Description of the task
Count every line in the entries that follow where the word "signedOutputValues" appears, then state only the total.

════════════════════

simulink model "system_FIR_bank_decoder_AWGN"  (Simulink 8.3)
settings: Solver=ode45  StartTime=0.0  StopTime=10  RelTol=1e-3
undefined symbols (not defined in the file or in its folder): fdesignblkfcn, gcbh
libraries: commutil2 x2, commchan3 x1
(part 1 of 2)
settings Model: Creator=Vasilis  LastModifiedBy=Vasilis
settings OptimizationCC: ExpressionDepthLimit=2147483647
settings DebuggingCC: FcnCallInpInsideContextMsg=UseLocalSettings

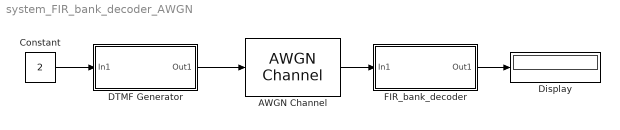
== system system_FIR_bank_decoder_AWGN ==
  AWGN Channel : commchan3/AWGN Channel  InputProcessing=Columns as channels (frame based)  seed=67  noiseMode="Signal to noise ratio  (SNR)"  EbNodB=10  EsNodB=10  SNRdB=-6  bitsPerSym=1  Ps=1  Tsym=1  variance=1
  Constant : Constant  Value=2
  DTMF Generator : Subsystem
  Display : Display
  FIR_bank_decoder : Subsystem
  wires:
  DTMF Generator/1(Out1) -> AWGN Channel/1
  FIR_bank_decoder/1(Out1) -> Display/1
  Constant/1 -> DTMF Generator/1(In1)
  AWGN Channel/1 -> FIR_bank_decoder/1(In1)

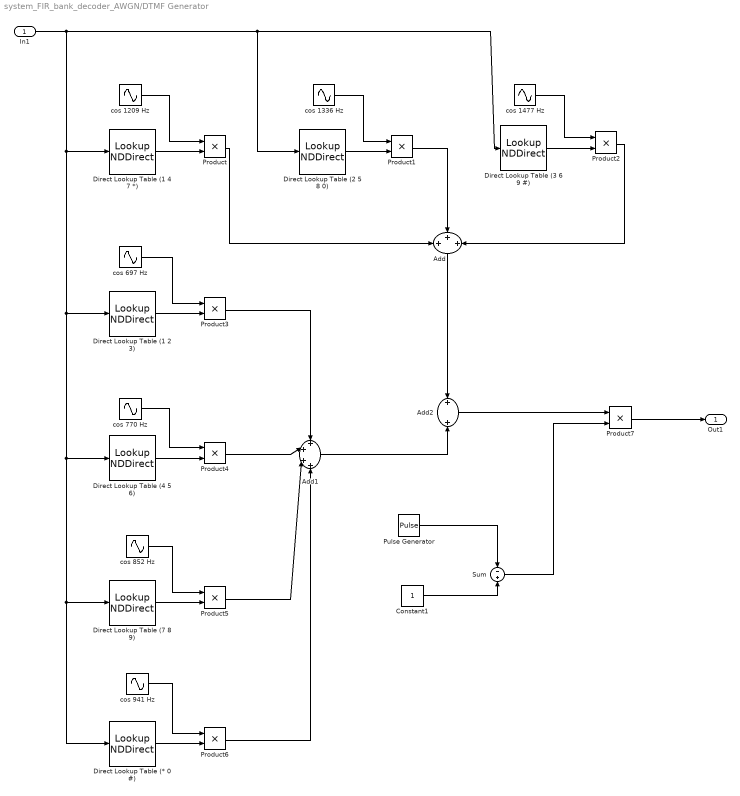
== system system_FIR_bank_decoder_AWGN/DTMF Generator ==
  In1 : Inport
  Add : Sum  Inputs=+++
  Add1 : Sum  Inputs=++++
  Add2 : Sum
  Constant1 : Constant
  Direct Lookup Table (* 0 #) : LookupNDDirect  NumberOfTableDimensions=1  Table=[1 0 0 0 0 0 0 0 0 0 1 1]
  Direct Lookup Table (1 2 3) : LookupNDDirect  NumberOfTableDimensions=1  Table=[0 1 1 1 0 0 0 0 0 0 0 0]
  Direct Lookup Table (1 4 7 *) : LookupNDDirect  NumberOfTableDimensions=1  Table=[0 1 0 0 1 0 0 1 0 0 1 0]
  Direct Lookup Table (2 5 8 0) : LookupNDDirect  NumberOfTableDimensions=1  Table=[1 0 1 0 0 1 0 0 1 0 0 0]
  Direct Lookup Table (3 6 9 #) : LookupNDDirect  NumberOfTableDimensions=1  Table=[0 0 0 1 0 0 1 0 0 1 0 1]
  Direct Lookup Table (4 5 6) : LookupNDDirect  NumberOfTableDimensions=1  Table=[0 0 0 0 1 1 1 0 0 0 0 0]
  Direct Lookup Table (7 8 9) : LookupNDDirect  NumberOfTableDimensions=1  Table=[0 0 0 0 0 0 0 1 1 1 0 0]
  Product{,1..7} (8 alike) : Product  RndMeth=Zero
  Pulse Generator : DiscretePulseGenerator  Period=480  PulseWidth=160  PhaseDelay=320  SampleTime=1/8000
  Sum : Sum  Inputs=-|+
  cos 1209 Hz : Sin  Frequency=7596  Phase=pi/2  SampleTime=1/8000
  cos 1336 Hz : Sin  Frequency=8394  Phase=pi/2  SampleTime=1/8000
  cos 1477 Hz : Sin  Frequency=9280  Phase=pi/2  SampleTime=1/8000
  cos 697 Hz : Sin  Frequency=4379  Phase=pi/2  SampleTime=1/8000
  cos 770 Hz : Sin  Frequency=4838  Phase=pi/2  SampleTime=1/8000
  cos 852 Hz : Sin  Frequency=5353  Phase=pi/2  SampleTime=1/8000
  cos 941 Hz : Sin  Frequency=5912  Phase=pi/2  SampleTime=1/8000
  Out1 : Outport
  wires:
  Direct Lookup Table (1 4 7 *)/1 -> Product/2
  In1/1 -> Direct Lookup Table (2 5 8 0)/1, Direct Lookup Table (3 6 9 #)/1, Direct Lookup Table (1 4 7 *)/1, Direct Lookup Table (1 2 3)/1, Direct Lookup Table (4 5 6)/1, Direct Lookup Table (7 8 9)/1, Direct Lookup Table (* 0 #)/1
  cos 1336 Hz/1 -> Product1/1
  Direct Lookup Table (2 5 8 0)/1 -> Product1/2
  cos 1477 Hz/1 -> Product2/1
  Direct Lookup Table (3 6 9 #)/1 -> Product2/2
  cos 697 Hz/1 -> Product3/1
  Direct Lookup Table (1 2 3)/1 -> Product3/2
  cos 770 Hz/1 -> Product4/1
  Direct Lookup Table (4 5 6)/1 -> Product4/2
  cos 852 Hz/1 -> Product5/1
  Direct Lookup Table (7 8 9)/1 -> Product5/2
  Product2/1 -> Add/3
  Product1/1 -> Add/2
  Product/1 -> Add/1
  Product3/1 -> Add1/1
  Product5/1 -> Add1/3
  Product4/1 -> Add1/2
  Add1/1 -> Add2/2
  Add/1 -> Add2/1
  cos 941 Hz/1 -> Product6/1
  Direct Lookup Table (* 0 #)/1 -> Product6/2
  Product6/1 -> Add1/4
  cos 1209 Hz/1 -> Product/1
  Constant1/1 -> Sum/2
  Pulse Generator/1 -> Sum/1
  Product7/1 -> Out1/1
  Add2/1 -> Product7/1
  Sum/1 -> Product7/2

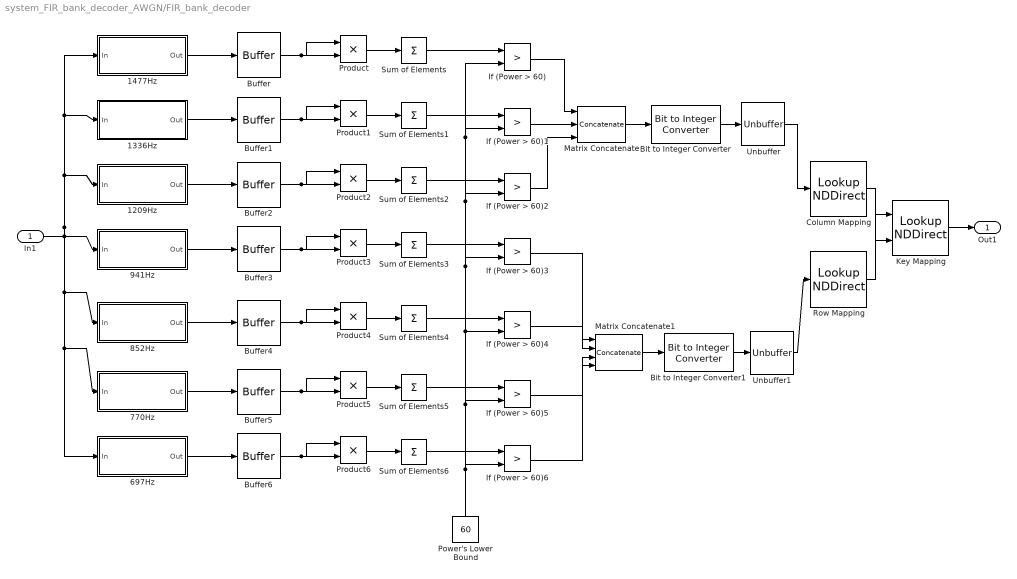
== system system_FIR_bank_decoder_AWGN/FIR_bank_decoder ==
  In1 : Inport
  1209Hz : Subsystem  DialogController=fdesignblkfcn  DialogControllerArgs=DataTag2  InitFcn=fdesignblkfcn(gcbh, {'InitFcn'});  mask(Bandpass Filter){}
      mask help: Design a bandpass filter
      settings: CopyFcn=fdesignblkfcn(gcbh, {'CopyFcn'});
      mask Help: helpview(mapfilelocation('dsp'), 'dspbandpassfilter');
      mask Display: disp('Bandpass');
  1336Hz : Subsystem  DialogController=fdesignblkfcn  DialogControllerArgs=DataTag4  InitFcn=fdesignblkfcn(gcbh, {'InitFcn'});  mask(Bandpass Filter){}
      mask help: Design a bandpass filter
      settings: CopyFcn=fdesignblkfcn(gcbh, {'CopyFcn'});
      mask Help: helpview(mapfilelocation('dsp'), 'dspbandpassfilter');
      mask Display: disp('Bandpass');
  1477Hz : Subsystem  DialogController=fdesignblkfcn  DialogControllerArgs=DataTag6  InitFcn=fdesignblkfcn(gcbh, {'InitFcn'});  mask(Bandpass Filter){}
      mask help: Design a bandpass filter
      settings: CopyFcn=fdesignblkfcn(gcbh, {'CopyFcn'});
      mask Help: helpview(mapfilelocation('dsp'), 'dspbandpassfilter');
      mask Display: disp('Bandpass');
  697Hz : Subsystem  DialogController=fdesignblkfcn  DialogControllerArgs=DataTag8  InitFcn=fdesignblkfcn(gcbh, {'InitFcn'});  mask(Bandpass Filter){}
      mask help: Design a bandpass filter
      settings: CopyFcn=fdesignblkfcn(gcbh, {'CopyFcn'});
      mask Help: helpview(mapfilelocation('dsp'), 'dspbandpassfilter');
      mask Display: disp('Bandpass');
  770Hz : Subsystem  DialogController=fdesignblkfcn  DialogControllerArgs=DataTag10  InitFcn=fdesignblkfcn(gcbh, {'InitFcn'});  mask(Bandpass Filter){}
      mask help: Design a bandpass filter
      settings: CopyFcn=fdesignblkfcn(gcbh, {'CopyFcn'});
      mask Help: helpview(mapfilelocation('dsp'), 'dspbandpassfilter');
      mask Display: disp('Bandpass');
  852Hz : Subsystem  DialogController=fdesignblkfcn  DialogControllerArgs=DataTag12  InitFcn=fdesignblkfcn(gcbh, {'InitFcn'});  mask(Bandpass Filter){}
      mask help: Design a bandpass filter
      settings: CopyFcn=fdesignblkfcn(gcbh, {'CopyFcn'});
      mask Help: helpview(mapfilelocation('dsp'), 'dspbandpassfilter');
      mask Display: disp('Bandpass');
  941Hz : Subsystem  DialogController=fdesignblkfcn  DialogControllerArgs=DataTag14  InitFcn=fdesignblkfcn(gcbh, {'InitFcn'});  mask(Bandpass Filter){}
      mask help: Design a bandpass filter
      settings: CopyFcn=fdesignblkfcn(gcbh, {'CopyFcn'});
      mask Help: helpview(mapfilelocation('dsp'), 'dspbandpassfilter');
      mask Display: disp('Bandpass');
  Bit to Integer Converter : commutil2/Bit to Integer Converter  nbits=3  bitOrder=MSB first  signedOutputValues=Unsigned  outDtype=Inherit via internal rule  outDtypeSigned=Inherit via internal rule
  Bit to Integer Converter1 : commutil2/Bit to Integer Converter  nbits=4  bitOrder=MSB first  signedOutputValues=Unsigned  outDtype=Inherit via internal rule  outDtypeSigned=Inherit via internal rule
  Buffer{,1..6} (7 alike) : Buffer  N=480  TreatMby1Signals=One channel
  Column Mapping : LookupNDDirect  NumberOfTableDimensions=1  Table=[0 1 2 0 3 0 0 0]
  If (Power > 60){,1..6} (7 alike) : RelationalOperator  Operator=>  OutDataTypeStr=boolean
  Key Mapping : LookupNDDirect  Table=[-1 -1 -1 -1;-1 1 2 3;-1 4 5 6;-1 7 8 9 ;-1 10 0 11]
  Matrix Concatenate : Concatenate  NumInputs=3  Mode=Multidimensional array
  Matrix Concatenate1 : Concatenate  NumInputs=4  Mode=Multidimensional array
  Power's Lower Bound : Constant  Value=60
  Product{,1..6} (7 alike) : Product  RndMeth=Zero
  Row Mapping : LookupNDDirect  NumberOfTableDimensions=1  Table=[0 1 2 0 3 0 0 4]
  Sum of Elements{,1..6} (7 alike) : Sum  Inputs=+
  Unbuffer : Unbuffer  SampleBasedProcessing=Same as frame based
  Unbuffer1 : Unbuffer  SampleBasedProcessing=Same as frame based
  Out1 : Outport
  wires:
  Product/1 -> Sum of Elements/1
  Buffer/1 -> Product/1, Product/2
  In1/1 -> 941Hz/1(In), 1477Hz/1(In), 1336Hz/1(In), 1209Hz/1(In), 852Hz/1(In), 697Hz/1(In), 770Hz/1(In)
  Product1/1 -> Sum of Elements1/1
  Buffer1/1 -> Product1/1, Product1/2
  Product2/1 -> Sum of Elements2/1
  Buffer2/1 -> Product2/1, Product2/2
  Buffer3/1 -> Product3/1, Product3/2
  Product4/1 -> Sum of Elements4/1
  Buffer4/1 -> Product4/1, Product4/2
  Product5/1 -> Sum of Elements5/1
  Buffer5/1 -> Product5/1, Product5/2
  Product6/1 -> Sum of Elements6/1
  Buffer6/1 -> Product6/1, Product6/2
  1477Hz/1(Out) -> Buffer/1
  1336Hz/1(Out) -> Buffer1/1
  1209Hz/1(Out) -> Buffer2/1
  941Hz/1(Out) -> Buffer3/1
  852Hz/1(Out) -> Buffer4/1
  770Hz/1(Out) -> Buffer5/1
  697Hz/1(Out) -> Buffer6/1
  Sum of Elements/1 -> If (Power > 60)/1
  Sum of Elements1/1 -> If (Power > 60)1/1
  Sum of Elements2/1 -> If (Power > 60)2/1
  Sum of Elements4/1 -> If (Power > 60)4/1
  Sum of Elements5/1 -> If (Power > 60)5/1
  Sum of Elements6/1 -> If (Power > 60)6/1
  Power's Lower Bound/1 -> If (Power > 60)6/2, If (Power > 60)5/2, If (Power > 60)4/2, If (Power > 60)3/2, If (Power > 60)2/2, If (Power > 60)1/2, If (Power > 60)/2
  If (Power > 60)/1 -> Matrix Concatenate/1
  If (Power > 60)1/1 -> Matrix Concatenate/2
  If (Power > 60)2/1 -> Matrix Concatenate/3
  If (Power > 60)4/1 -> Matrix Concatenate1/2
  If (Power > 60)5/1 -> Matrix Concatenate1/3
  If (Power > 60)6/1 -> Matrix Concatenate1/4
  Matrix Concatenate/1 -> Bit to Integer Converter/1
  Matrix Concatenate1/1 -> Bit to Integer Converter1/1
  Product3/1 -> Sum of Elements3/1
  Sum of Elements3/1 -> If (Power > 60)3/1
  If (Power > 60)3/1 -> Matrix Concatenate1/1
  Bit to Integer Converter/1 -> Unbuffer/1
  Bit to Integer Converter1/1 -> Unbuffer1/1
  Unbuffer1/1 -> Row Mapping/1
  Unbuffer/1 -> Column Mapping/1
  Column Mapping/1 -> Key Mapping/2
  Row Mapping/1 -> Key Mapping/1
  Key Mapping/1 -> Out1/1

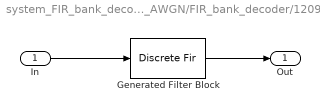
== system system_FIR_bank_decoder_AWGN/FIR_bank_decoder/1209Hz ==
  In : Inport
  Generated Filter Block : DiscreteFir  Tag=BlockMethodSubSystem  FilterStructure=Direct form symmetric  Coefficients=[0.0099903484009131061 -0.037287316277533809 -0.0082135057503011349 -0.002238399343519448 -0.0019360718453861063 -0.0019139958837784364 -0.00077884065160320319 0.00086714039520229187 0.0017467533892263094 0.0011565781392842288 -0.00039331281770252114 -0.0016111217199429831 -0.0014806300728323516 -0.00011463046784341615 0.0013522430913854087 0.0016917459634401887 0.0006177941951207149 -0.00098420252817349994 -0.0017744776461857054 -0.0010851913862388212 0.00052947391915747694 0.0017197450920395565 0.0014839755275524262 -1.0031615853397182e-05 -0.0015219092877656922 -0.001782126926066756 -0.0005405792693885126 0.0011845863495108277 0.0019528115419528134 0.0010844086186824026 -0.00072243441198573447 -0.0019705118995622111 -0.0015800809635293652 0.00015870918774939723 0.0018175461989234022 0.0019826643128734202 0.00047288121933751546 -0.0014893239615353924 -0.0022457206204821254 -0.0011229027958760288 0.00099697091022270408 0.0023348624407000793 0.0017391528527568611 -0.00036135984772205982 -0.0022193697097531986 -0.0022626461573520525 -0.00037321906555302491 0.0018887336645213278 0.002635976139918061 0.0011501753699652503 -0.0013470387071159013 -0.0028052485110882375 -0.0019156598422419128 0.00064021616557230205 0.0027033782721905563 0.0026066846174867754 0.00021123716890259276 -0.0023974935659959898 -0.0030588839233450706 -0.0011650031227231007 0.0017876927952893507 0.0033502764862502897 0.0020936796357518351 -0.00098985416249115408 -0.0033272963835514675 -0.0029002322095656764 -9.0731811744841788e-06 0.0029817669574168006 0.0035380445077329505 0.0011180900776899118 -0.0023355724129337395 -0.0039190793929641419 -0.00222802286610753 0.001416890805220176 0.0039702899594947919 0.0032339842000296986 -0.00027747486969317007 -0.0036560247606840408 -0.0040323809948562255 -0.00099397563382286162 0.0029719075272680536 0.0045309986988746357 0.0022857605388528395 -0.001957886965572142 -0.0046645685103582678 -0.0034878823319817332 0.00067864161875333753 0.0043947083433336894 0.0044975321496961889 0.0008070250875256077 -0.0036547196147583149 -0.0051275760337421167 -0.0022940033180403599 0.0025597990824570661 0.0053678498199717832 0.0037063460007083961 -0.0011371111116267032 -0.0051335228642123429 -0.0048859611206101888 -0.00049200244291961739 0.0044169937498863008 0.0057120234201003704 0.0021964902927675964 -0.0032476121239446453 -0.0060817475478434696 -0.0038258197948308576 0.0017078844412512415 0.0059189980367584218 0.005226507870014001 8.9398956346120948e-05 -0.0052181801450817368 -0.006234351203697289 -0.0020091131071094991 0.0040058848539415211 0.00675549284565982 0.0038506474059017038 -0.0023528353020247964 -0.0066897155494656671 -0.0054674949837762183 0.0003934727850060219 0.0060319185594673247 0.0066788774561016692 0.0017030867964629001 -0.0047911800779544544 -0.0073570236405915666 -0.0037665296571841715 0.0030569414532184568 0.0074177453956615746 0.0055994350622296648 -0.00096978489582727988 -0.0068249732831169125 -0.0070175194579185579 -0.0013021135874790543 0.0055941410556593092 0.0078790462315889952 0.0035628144520170814 -0.0038102632589340174 -0.0080797022380677055 -0.0056059555558007589 0.0016183821021101376 0.0075780000877349292 0.007241559943165804 0.00080784635882471081 -0.0063844597921917387 -0.0082962272924075684 -0.0032512084061216287 0.0045864365088574425 0.0086572921505485706 0.0054936294742238068 -0.002322420975806325 -0.008271267955622965 -0.0073321411791402603 -0.000222805070376603 0.0071457333019116212 0.008586878232170558 0.0028257738862537958 -0.0053600683209759758 -0.0091258191828687413 -0.0052565101689838432 0.0030554117960418666 0.0088770115844641912 0.0072973186248119857 -0.00042562852809473011 -0.0078493123308107163 -0.0087475340501937966 -0.0023104884567685291 0.0061148064953200562 0.0094682866573189001 0.0049040210729837551 -0.0038007366415396086 -0.0093788089591992294 -0.0071250481351540617 0.0011174650996554102 0.0084669741911153461 0.008755897555957565 0.0017074331947345644 -0.0068136230101083382 ...(+5049 chars)]  InputProcessing=Columns as channels (frame based)
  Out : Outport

════════════════════

Solution to the exercise
2